1-3 Weeks Pregnant — Not Quite Pregnant...Yet
Welcome to Scary Mommy’s pregnancy week by week guide! We’re here to give you all the info about what to expect when you’re expecting: be it week by week symptoms, your baby’s development, your changing body, or ultrasounds and appointments. Here’s everything you need to know about weeks 1 through 3.
Your Body Weeks 1 Through 3 Pregnant
Week 1 — Not Quite Pregnant…Yet
While this week is used to calculate your due date, you’re not actually pregnant yet and won’t be for about two more weeks. Instead, this is the week you menstruate as your body sheds the uterine lining of the previous month in preparation for ovulation and eventual conception. Keeping tabs on the first day of your period will come in handy when you or your OB calculate your due date.
Week 2 — The Prep Work Begins
This week, as your body prepares for ovulation, your uterine lining will thicken for the possibility a fertilized egg will be looking for a cozy home for the next 9 months. Depending on the length of the cycle, most women ovulate between day 11 and 21. Once an ovary releases a mature egg, there is only a 12 to 36 hour window for it to be fertilized, but since sperm can live up to five days in a woman’s body, having unprotected sex during that window could result in pregnancy.
Week 3 — You’re Pregnant!
Following ovulation, the egg travels down the fallopian tube where it is fertilized by a sperm before making a beeline to the uterus where it will implant into the wall in week 4. Some women experience light implantation bleeding when this occurs. Long story short: You are now pregnant. Congratulations.
How to Calculate Your Due Date?
You don’t have to rely on your OB to find out your baby’s due date. The first day of your last menstrual cycle is the most important date to keep in mind when making this calculation. Since an average full term pregnancy is about 40 weeks, or 280 days, you can simply add 40 weeks to that calendar date to get an approximate of when you’ll meet your little bundle of joy.
Your Baby 1 Through 3 Weeks Pregnant
Started in an Ovary, Now We’re Here
If fertilization occurred, the egg and sperm’s respective 23 chromosomes combine for a total of 46. This combination of cells is called a zygote. Believe it or not, but the baby’s sex is determined at the moment of conception. When the mother’s X chromosome fuses with the father’s X or Y chromosome, the combination of the two fixes the baby’s sex. So, an XX combination will result in a girl, and an XY combination will result in a boy.
The zygote goes on to divide into a group of cells called a blastocyst, leading to the impending production of the pregnancy hormone human chorionic gonadotropin (hCG). This is the hormone that is tested for in all home pregnancy tests.
While it may seem early, the spinal cord, brain, and gastrointestinal tract of the baby begin forming as early as this week.

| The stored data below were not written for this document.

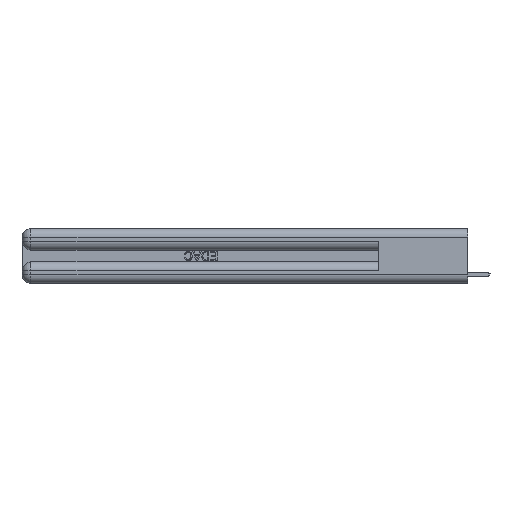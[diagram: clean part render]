
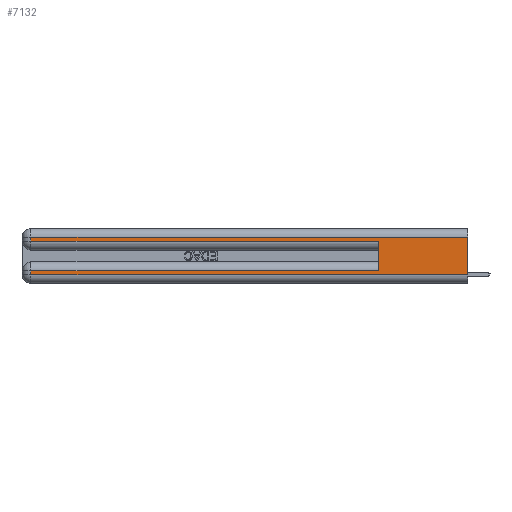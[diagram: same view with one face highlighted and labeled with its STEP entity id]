
A CAD part, left-side view. The second image highlights one B-rep face of the part: STEP entity #7132.
In plain terms, the highlighted planar face has unit normal (-1, 0, 0).
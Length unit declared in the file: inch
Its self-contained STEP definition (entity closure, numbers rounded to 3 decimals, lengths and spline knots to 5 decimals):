
#202 = VERTEX_POINT ( 'NONE', #26456 ) ;
#247 = ORIENTED_EDGE ( 'NONE', *, *, #23144, .T. ) ;
#1002 = LINE ( 'NONE', #12447, #19838 ) ;
#1217 = PLANE ( 'NONE',  #16699 ) ;
#1709 = DIRECTION ( 'NONE',  ( 0., 0., -1. ) ) ;
#1835 = VECTOR ( 'NONE', #1709, 39.37008 ) ;
#2278 = CARTESIAN_POINT ( 'NONE',  ( 0., 2.94, 0.285 ) ) ;
#2805 = VERTEX_POINT ( 'NONE', #8342 ) ;
#4398 = CARTESIAN_POINT ( 'NONE',  ( 0., 2.94, 0.31 ) ) ;
#4848 = VERTEX_POINT ( 'NONE', #4398 ) ;
#5518 = DIRECTION ( 'NONE',  ( 0., 0., 1. ) ) ;
#7132 = ADVANCED_FACE ( 'NONE', ( #8179 ), #1217, .F. ) ;
#7318 = ORIENTED_EDGE ( 'NONE', *, *, #28439, .F. ) ;
#7331 = VERTEX_POINT ( 'NONE', #2278 ) ;
#7342 = VECTOR ( 'NONE', #25105, 39.37008 ) ;
#8179 = FACE_OUTER_BOUND ( 'NONE', #25670, .T. ) ;
#8331 = EDGE_CURVE ( 'NONE', #16795, #16917, #10041, .T. ) ;
#8342 = CARTESIAN_POINT ( 'NONE',  ( 0., 2.94, 0.085 ) ) ;
#8874 = DIRECTION ( 'NONE',  ( 0., 0., -1. ) ) ;
#9269 = LINE ( 'NONE', #23933, #17684 ) ;
#10041 = LINE ( 'NONE', #17558, #7342 ) ;
#10042 = DIRECTION ( 'NONE',  ( 0., 1., 0. ) ) ;
#10367 = ORIENTED_EDGE ( 'NONE', *, *, #12968, .T. ) ;
#11068 = EDGE_CURVE ( 'NONE', #16795, #4848, #24806, .T. ) ;
#11350 = CARTESIAN_POINT ( 'NONE',  ( 0., 0., 0.37 ) ) ;
#11597 = ORIENTED_EDGE ( 'NONE', *, *, #25693, .T. ) ;
#12360 = VECTOR ( 'NONE', #14218, 39.37008 ) ;
#12447 = CARTESIAN_POINT ( 'NONE',  ( 0., 0.6, 0.145 ) ) ;
#12758 = LINE ( 'NONE', #21621, #12360 ) ;
#12968 = EDGE_CURVE ( 'NONE', #28253, #2805, #25993, .T. ) ;
#13055 = EDGE_CURVE ( 'NONE', #2805, #202, #27916, .T. ) ;
#13707 = CARTESIAN_POINT ( 'NONE',  ( 0., 2.94, 0.37 ) ) ;
#14218 = DIRECTION ( 'NONE',  ( 0., -1., 0. ) ) ;
#15268 = VECTOR ( 'NONE', #31707, 39.37008 ) ;
#15281 = CARTESIAN_POINT ( 'NONE',  ( 0., 0., 0.085 ) ) ;
#15297 = VECTOR ( 'NONE', #10042, 39.37008 ) ;
#16358 = CARTESIAN_POINT ( 'NONE',  ( 0., 2.94, 0.37 ) ) ;
#16699 = AXIS2_PLACEMENT_3D ( 'NONE', #11350, #28328, #8874 ) ;
#16795 = VERTEX_POINT ( 'NONE', #27718 ) ;
#16917 = VERTEX_POINT ( 'NONE', #21449 ) ;
#17558 = CARTESIAN_POINT ( 'NONE',  ( 0., 0., 0.37 ) ) ;
#17684 = VECTOR ( 'NONE', #24455, 39.37008 ) ;
#18268 = ORIENTED_EDGE ( 'NONE', *, *, #8331, .F. ) ;
#19838 = VECTOR ( 'NONE', #5518, 39.37008 ) ;
#21449 = CARTESIAN_POINT ( 'NONE',  ( 0., 0., 0.06 ) ) ;
#21621 = CARTESIAN_POINT ( 'NONE',  ( 0., 0., 0.06 ) ) ;
#22887 = VECTOR ( 'NONE', #25751, 39.37008 ) ;
#23090 = ORIENTED_EDGE ( 'NONE', *, *, #11068, .T. ) ;
#23144 = EDGE_CURVE ( 'NONE', #4848, #7331, #31331, .T. ) ;
#23933 = CARTESIAN_POINT ( 'NONE',  ( 0., 0., 0.285 ) ) ;
#24455 = DIRECTION ( 'NONE',  ( 0., -1., 0. ) ) ;
#24806 = LINE ( 'NONE', #26986, #15268 ) ;
#25105 = DIRECTION ( 'NONE',  ( 0., 0., -1. ) ) ;
#25608 = EDGE_CURVE ( 'NONE', #202, #16917, #12758, .T. ) ;
#25670 = EDGE_LOOP ( 'NONE', ( #18268, #23090, #247, #11597, #7318, #10367, #30464, #30754 ) ) ;
#25693 = EDGE_CURVE ( 'NONE', #7331, #28440, #9269, .T. ) ;
#25751 = DIRECTION ( 'NONE',  ( 0., 0., -1. ) ) ;
#25993 = LINE ( 'NONE', #15281, #15297 ) ;
#26456 = CARTESIAN_POINT ( 'NONE',  ( 0., 2.94, 0.06 ) ) ;
#26986 = CARTESIAN_POINT ( 'NONE',  ( 0., 0., 0.31 ) ) ;
#27718 = CARTESIAN_POINT ( 'NONE',  ( 0., 0., 0.31 ) ) ;
#27916 = LINE ( 'NONE', #16358, #1835 ) ;
#28253 = VERTEX_POINT ( 'NONE', #31584 ) ;
#28328 = DIRECTION ( 'NONE',  ( 1., 0., 0. ) ) ;
#28439 = EDGE_CURVE ( 'NONE', #28253, #28440, #1002, .T. ) ;
#28440 = VERTEX_POINT ( 'NONE', #29967 ) ;
#29967 = CARTESIAN_POINT ( 'NONE',  ( 0., 0.6, 0.285 ) ) ;
#30464 = ORIENTED_EDGE ( 'NONE', *, *, #13055, .T. ) ;
#30754 = ORIENTED_EDGE ( 'NONE', *, *, #25608, .T. ) ;
#31331 = LINE ( 'NONE', #13707, #22887 ) ;
#31584 = CARTESIAN_POINT ( 'NONE',  ( 0., 0.6, 0.085 ) ) ;
#31707 = DIRECTION ( 'NONE',  ( 0., 1., 0. ) ) ;
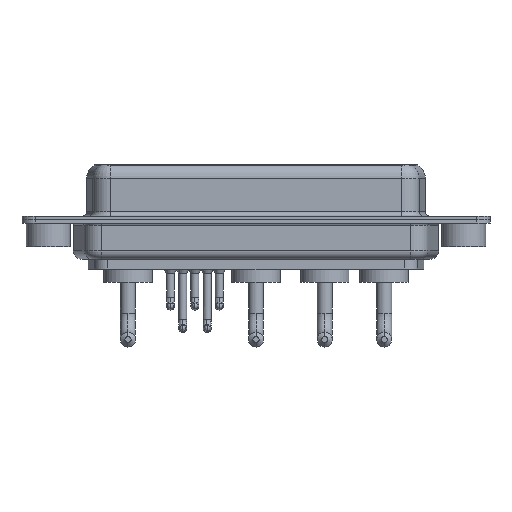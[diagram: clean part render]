
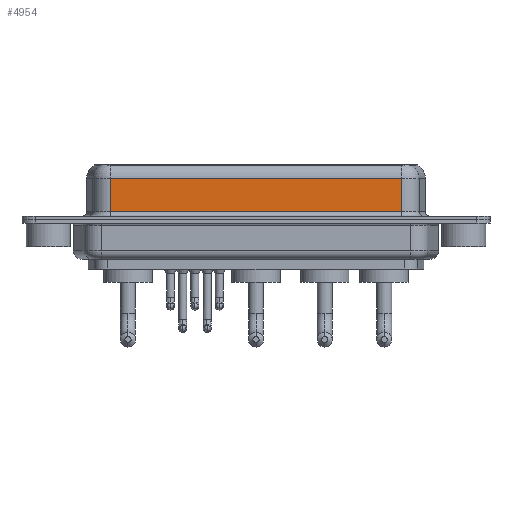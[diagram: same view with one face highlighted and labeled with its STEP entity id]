
A CAD part, front view. The second image highlights one B-rep face of the part: STEP entity #4954.
In plain terms, the highlighted planar face has unit normal (0, -1, 0).
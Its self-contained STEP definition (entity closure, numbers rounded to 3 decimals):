
#166 = LINE ( 'NONE', #5143, #2885 ) ;
#803 = PLANE ( 'NONE',  #16485 ) ;
#1237 = CARTESIAN_POINT ( 'NONE',  ( 7.013, -3.95, 0.9 ) ) ;
#1797 = VERTEX_POINT ( 'NONE', #5799 ) ;
#2161 = VERTEX_POINT ( 'NONE', #1237 ) ;
#2671 = EDGE_CURVE ( 'NONE', #8449, #2161, #16258, .T. ) ;
#2885 = VECTOR ( 'NONE', #10787, 1000. ) ;
#4120 = ORIENTED_EDGE ( 'NONE', *, *, #7522, .T. ) ;
#4448 = VECTOR ( 'NONE', #7332, 1000. ) ;
#4469 = EDGE_LOOP ( 'NONE', ( #5426, #4120, #10903, #10755 ) ) ;
#4954 = ADVANCED_FACE ( 'NONE', ( #10027 ), #803, .F. ) ;
#5143 = CARTESIAN_POINT ( 'NONE',  ( 40.037, -3.95, 4.65 ) ) ;
#5426 = ORIENTED_EDGE ( 'NONE', *, *, #6817, .F. ) ;
#5706 = CARTESIAN_POINT ( 'NONE',  ( 40.037, -3.95, 4.65 ) ) ;
#5799 = CARTESIAN_POINT ( 'NONE',  ( 40.037, -3.95, 0.9 ) ) ;
#5805 = VERTEX_POINT ( 'NONE', #5706 ) ;
#6817 = EDGE_CURVE ( 'NONE', #5805, #1797, #12961, .T. ) ;
#7332 = DIRECTION ( 'NONE',  ( 0., 0., -1. ) ) ;
#7378 = VECTOR ( 'NONE', #7908, 1000. ) ;
#7522 = EDGE_CURVE ( 'NONE', #5805, #8449, #166, .T. ) ;
#7816 = LINE ( 'NONE', #17226, #7378 ) ;
#7908 = DIRECTION ( 'NONE',  ( 1., 0., 0. ) ) ;
#8449 = VERTEX_POINT ( 'NONE', #16403 ) ;
#9546 = CARTESIAN_POINT ( 'NONE',  ( 7.013, -3.95, 6.4 ) ) ;
#10027 = FACE_OUTER_BOUND ( 'NONE', #4469, .T. ) ;
#10755 = ORIENTED_EDGE ( 'NONE', *, *, #13598, .T. ) ;
#10787 = DIRECTION ( 'NONE',  ( -1., 0., 0. ) ) ;
#10903 = ORIENTED_EDGE ( 'NONE', *, *, #2671, .T. ) ;
#11494 = DIRECTION ( 'NONE',  ( 0., 1., 0. ) ) ;
#12541 = CARTESIAN_POINT ( 'NONE',  ( 40.037, -3.95, 6.4 ) ) ;
#12961 = LINE ( 'NONE', #14199, #4448 ) ;
#13000 = VECTOR ( 'NONE', #13469, 1000. ) ;
#13469 = DIRECTION ( 'NONE',  ( 0., 0., -1. ) ) ;
#13598 = EDGE_CURVE ( 'NONE', #2161, #1797, #7816, .T. ) ;
#14199 = CARTESIAN_POINT ( 'NONE',  ( 40.037, -3.95, 6.4 ) ) ;
#16258 = LINE ( 'NONE', #9546, #13000 ) ;
#16403 = CARTESIAN_POINT ( 'NONE',  ( 7.013, -3.95, 4.65 ) ) ;
#16485 = AXIS2_PLACEMENT_3D ( 'NONE', #12541, #11494, #16652 ) ;
#16652 = DIRECTION ( 'NONE',  ( 0., 0., 1. ) ) ;
#17226 = CARTESIAN_POINT ( 'NONE',  ( 40.037, -3.95, 0.9 ) ) ;

Your Symptoms And Health 1 Through 3 Weeks Pregnant
Tender or Swollen Breasts
A surge in pregnancy hormones can make your breasts feel extra sensitive, tender, and sore to the touch. They may also feel fuller than they did before. Don’t worry, the discomfort should subside in a few weeks.
Bloating & Constipation
Better get used to these symptoms, as they may last throughout the pregnancy. A rise in hormones can cause your digestive system to slow down, per the Mayo Clinic, leaving you feeling bloated and constipated.
You may not be having your period, but you can still be cramping like you are. Many women feel light uterine cramping in the first weeks of their pregnancy, typically low in their abdomen.
While a pregnancy test can confirm you’re pregnant, it takes a healthcare provider to tell you you’re having twins (usually during the 12-week ultrasound). Still, here’s the 411 on the early weeks of twin pregnancy.
Obviously twin pregnancies come to being the same way as described above, but there are two different ways in which twins form. Fraternal twins are created when two separate eggs are fertilized by two different sperm, creating two separate zygotes (and later embryos). These twins will be as individualistic as any other non-twin sibling and can be the same or different genders.
Identical twins form from one egg that is fertilized by one sperm. This creates a zygote that splits early on and creates two embryos. These twins will have the exact same chromosomes, so will be identical (hence the name!) and will be the same gender.
Placentas form around three weeks after fertilization. Usually one forms for each baby, but in some rare instances one placenta might be shared by twins.
Like with singular pregnancies, twin pregnancies can cause tender or swollen breasts. Because you’re carrying double the baby, you’ll likely experience this more intensely, as is also the case with cramping or bloating. After all, your body is producing more hCG than a one-baby bump.
The contents of this article have been medically reviewed by Ruth A. Tessler, M.D. in July, 2019.